Almost any real situation will violate these assumptions at least a little (and even mathematically ideal artificial games will violate it, e.g. a game where players have a fixed mean and variance and compete by sampling from different gaussians to see whose number is higher will violate this assumption!). But in many cases of skill-based competition this works quite well, and there are various ways to justify and explain why this approximation does work pretty well when it does!
But even in games/domains where Elo does approximate realistic player pools amazingly well, it quite commonly stops doing as well at the extremes. For example, two common cases where this happens can include:
When the pool of players (particularly bots) being compared are all relatively close to being optimal
When the pool of players being compared cover an extremely wide range of “skill levels”.
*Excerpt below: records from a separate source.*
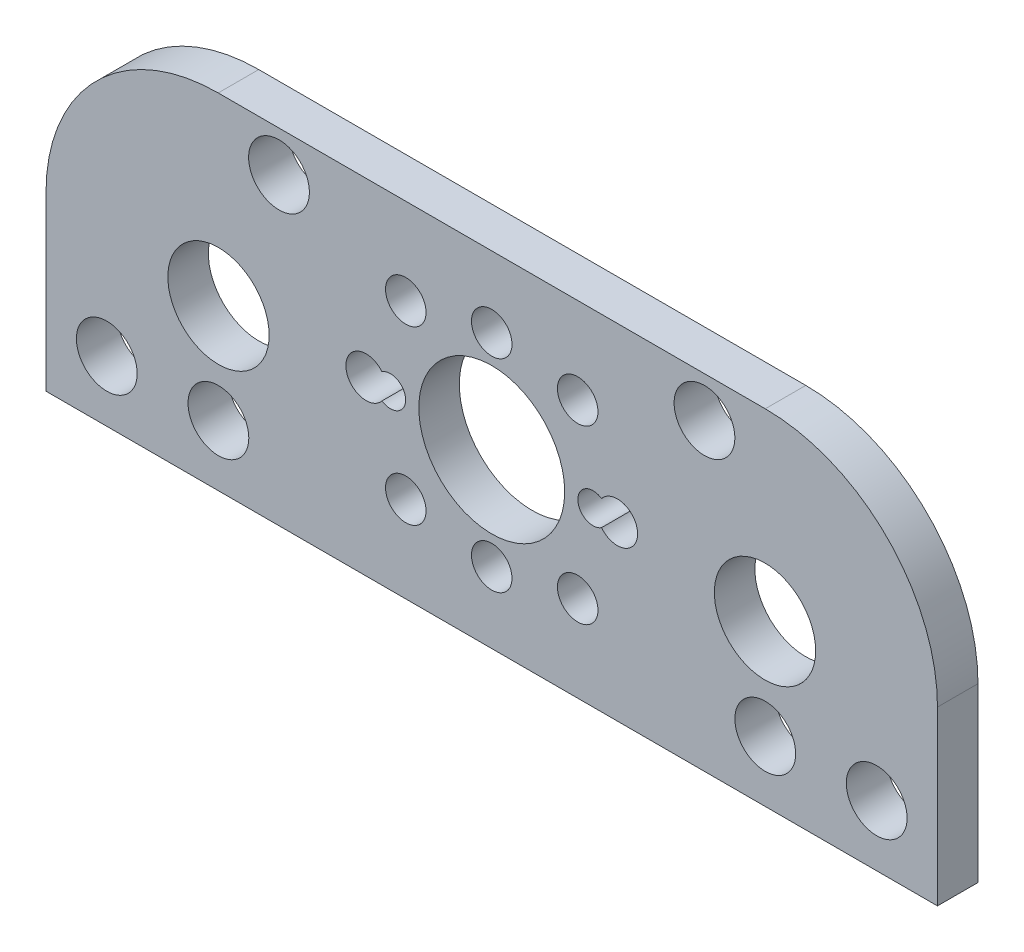
ISO-10303-21;
HEADER;
FILE_DESCRIPTION(('STEP AP214'),'2;1');
FILE_NAME('part.step','',(''),(''),'','','');
FILE_SCHEMA(('AUTOMOTIVE_DESIGN { 1 0 10303 214 1 1 1 1 }'));
ENDSEC;
DATA;
#1=APPLICATION_CONTEXT('core data for automotive mechanical design processes');
#2=APPLICATION_PROTOCOL_DEFINITION('international standard','automotive_design',2000,#1);
#3=PRODUCT_CONTEXT('',#1,'mechanical');
#4=PRODUCT('Part','Part','',(#3));
#5=PRODUCT_RELATED_PRODUCT_CATEGORY('part','',(#4));
#6=PRODUCT_DEFINITION_FORMATION('','',#4);
#7=PRODUCT_DEFINITION_CONTEXT('part definition',#1,'design');
#8=PRODUCT_DEFINITION('design','',#6,#7);
#9=PRODUCT_DEFINITION_SHAPE('','',#8);
#10=(LENGTH_UNIT() NAMED_UNIT(*) SI_UNIT(.MILLI.,.METRE.));
#11=(NAMED_UNIT(*) PLANE_ANGLE_UNIT() SI_UNIT($,.RADIAN.));
#12=(NAMED_UNIT(*) SI_UNIT($,.STERADIAN.) SOLID_ANGLE_UNIT());
#13=UNCERTAINTY_MEASURE_WITH_UNIT(LENGTH_MEASURE(1.E-05),#10,'distance_accuracy_value','');
#14=(GEOMETRIC_REPRESENTATION_CONTEXT(3) GLOBAL_UNCERTAINTY_ASSIGNED_CONTEXT((#13)) GLOBAL_UNIT_ASSIGNED_CONTEXT((#10,
#11,#12)) REPRESENTATION_CONTEXT('',''));
#15=CARTESIAN_POINT('',(0.,0.,0.));
#16=DIRECTION('',(0.,0.,1.));
#17=DIRECTION('',(1.,0.,0.));
#18=AXIS2_PLACEMENT_3D('',#15,#16,#17);
#19=CARTESIAN_POINT('',(22.,0.,-2.));
#20=DIRECTION('',(1.,0.,0.));
#21=DIRECTION('',(0.,1.,0.));
#22=AXIS2_PLACEMENT_3D('',#19,#20,#21);
#23=PLANE('',#22);
#24=DIRECTION('',(0.,1.,0.));
#25=VECTOR('',#24,1.);
#26=CARTESIAN_POINT('',(22.,0.,0.));
#27=LINE('',#26,#25);
#28=CARTESIAN_POINT('',(22.,-8.5,0.));
#29=VERTEX_POINT('',#28);
#30=CARTESIAN_POINT('',(22.,0.,0.));
#31=VERTEX_POINT('',#30);
#32=EDGE_CURVE('E156',#29,#31,#27,.T.);
#33=ORIENTED_EDGE('',*,*,#32,.F.);
#34=DIRECTION('',(0.,0.,1.));
#35=VECTOR('',#34,1.);
#36=CARTESIAN_POINT('',(22.,-8.5,-2.));
#37=LINE('',#36,#35);
#38=CARTESIAN_POINT('',(22.,-8.5,-2.));
#39=VERTEX_POINT('',#38);
#40=EDGE_CURVE('E11',#39,#29,#37,.T.);
#41=ORIENTED_EDGE('',*,*,#40,.F.);
#42=DIRECTION('',(0.,1.,0.));
#43=VECTOR('',#42,1.);
#44=CARTESIAN_POINT('',(22.,0.,-2.));
#45=LINE('',#44,#43);
#46=CARTESIAN_POINT('',(22.,0.,-2.));
#47=VERTEX_POINT('',#46);
#48=EDGE_CURVE('E159',#39,#47,#45,.T.);
#49=ORIENTED_EDGE('',*,*,#48,.T.);
#50=DIRECTION('',(0.,0.,1.));
#51=VECTOR('',#50,1.);
#52=CARTESIAN_POINT('',(22.,0.,-2.));
#53=LINE('',#52,#51);
#54=EDGE_CURVE('E44',#47,#31,#53,.T.);
#55=ORIENTED_EDGE('',*,*,#54,.T.);
#56=EDGE_LOOP('',(#33,#41,#49,#55));
#57=FACE_BOUND('',#56,.T.);
#58=ADVANCED_FACE('F41',(#57),#23,.T.);
#59=CARTESIAN_POINT('',(-22.,-8.5,-2.));
#60=DIRECTION('',(0.,-1.,0.));
#61=DIRECTION('',(0.,0.,-1.));
#62=AXIS2_PLACEMENT_3D('',#59,#60,#61);
#63=PLANE('',#62);
#64=DIRECTION('',(1.,0.,0.));
#65=VECTOR('',#64,1.);
#66=CARTESIAN_POINT('',(-22.,-8.5,0.));
#67=LINE('',#66,#65);
#68=CARTESIAN_POINT('',(-22.,-8.5,0.));
#69=VERTEX_POINT('',#68);
#70=EDGE_CURVE('E163',#69,#29,#67,.T.);
#71=ORIENTED_EDGE('',*,*,#70,.F.);
#72=DIRECTION('',(0.,0.,1.));
#73=VECTOR('',#72,1.);
#74=CARTESIAN_POINT('',(-22.,-8.5,-2.));
#75=LINE('',#74,#73);
#76=CARTESIAN_POINT('',(-22.,-8.5,-2.));
#77=VERTEX_POINT('',#76);
#78=EDGE_CURVE('E49',#77,#69,#75,.T.);
#79=ORIENTED_EDGE('',*,*,#78,.F.);
#80=DIRECTION('',(1.,0.,0.));
#81=VECTOR('',#80,1.);
#82=CARTESIAN_POINT('',(-22.,-8.5,-2.));
#83=LINE('',#82,#81);
#84=EDGE_CURVE('E175',#77,#39,#83,.T.);
#85=ORIENTED_EDGE('',*,*,#84,.T.);
#86=ORIENTED_EDGE('',*,*,#40,.T.);
#87=EDGE_LOOP('',(#71,#79,#85,#86));
#88=FACE_BOUND('',#87,.T.);
#89=ADVANCED_FACE('F211',(#88),#63,.T.);
#90=CARTESIAN_POINT('',(-22.,0.,-2.));
#91=DIRECTION('',(-1.,0.,0.));
#92=DIRECTION('',(0.,-1.,0.));
#93=AXIS2_PLACEMENT_3D('',#90,#91,#92);
#94=PLANE('',#93);
#95=DIRECTION('',(0.,-1.,0.));
#96=VECTOR('',#95,1.);
#97=CARTESIAN_POINT('',(-22.,0.,0.));
#98=LINE('',#97,#96);
#99=CARTESIAN_POINT('',(-22.,0.,0.));
#100=VERTEX_POINT('',#99);
#101=EDGE_CURVE('E189',#100,#69,#98,.T.);
#102=ORIENTED_EDGE('',*,*,#101,.F.);
#103=DIRECTION('',(0.,0.,1.));
#104=VECTOR('',#103,1.);
#105=CARTESIAN_POINT('',(-22.,0.,-2.));
#106=LINE('',#105,#104);
#107=CARTESIAN_POINT('',(-22.,0.,-2.));
#108=VERTEX_POINT('',#107);
#109=EDGE_CURVE('E195',#108,#100,#106,.T.);
#110=ORIENTED_EDGE('',*,*,#109,.F.);
#111=DIRECTION('',(0.,-1.,0.));
#112=VECTOR('',#111,1.);
#113=CARTESIAN_POINT('',(-22.,0.,-2.));
#114=LINE('',#113,#112);
#115=EDGE_CURVE('E172',#108,#77,#114,.T.);
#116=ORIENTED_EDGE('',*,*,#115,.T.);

The first case can happen when the near-optimal players have some persistent tendencies as to mistakes they still make as well as sharp preferences for various lines. Then you no longer have law-of-large-numbers effects (too few mistakes per game) and also no poisson-like smoothness in the arrival rate of mistakes (mistakes aren’t well-modeled as having an “arrival rate” if they’re sufficiently consistent to a line x bot combination) and the Elo model simply stops being a good model of reality. I’ve seen this empirically be the case on the 9x9 computer go server (9x9 “CGOS”) with a bot equilibrating at one point to be a couple hundred Elo lower than a bot no longer running that it should have been head-to-head equal or stronger than, due to different transitive opponents.
The second case, the one relevant here, can happen because there’s no particular reason to expect that a game will actually have tails that precisely match that of a sigmoid function f(x) = 1/(1+exp(-x)) in expected score in the extreme. Depending the actual tails between different pairs of players of increasingly large ratings differences, particularly whether it tends to be thinner or heavier than exp(-x) in given conditions, when you then try to measure large ratings differences via many transitive steps of intermediate opponents, you then will get different answers depending on the composition of those intermediate players and how many and how big of steps you take.
It’s not surprising when models that are just useful approximations of reality (i.e. “the map, not the territory”) start breaking down at extremes. It can be still worthwhile doing things like this to build intuition or even just for fun and see what numbers you get! While doing so, my personal tendency in such cases would still be to emphasize that at the extremes of questions like “what is the Elo of perfect play” or “what is the Elo of random play”, the numbers you do get can start to be answers that have a lot to do with one’s models and methodologies rather than answers that reflect an underlying reality accurately.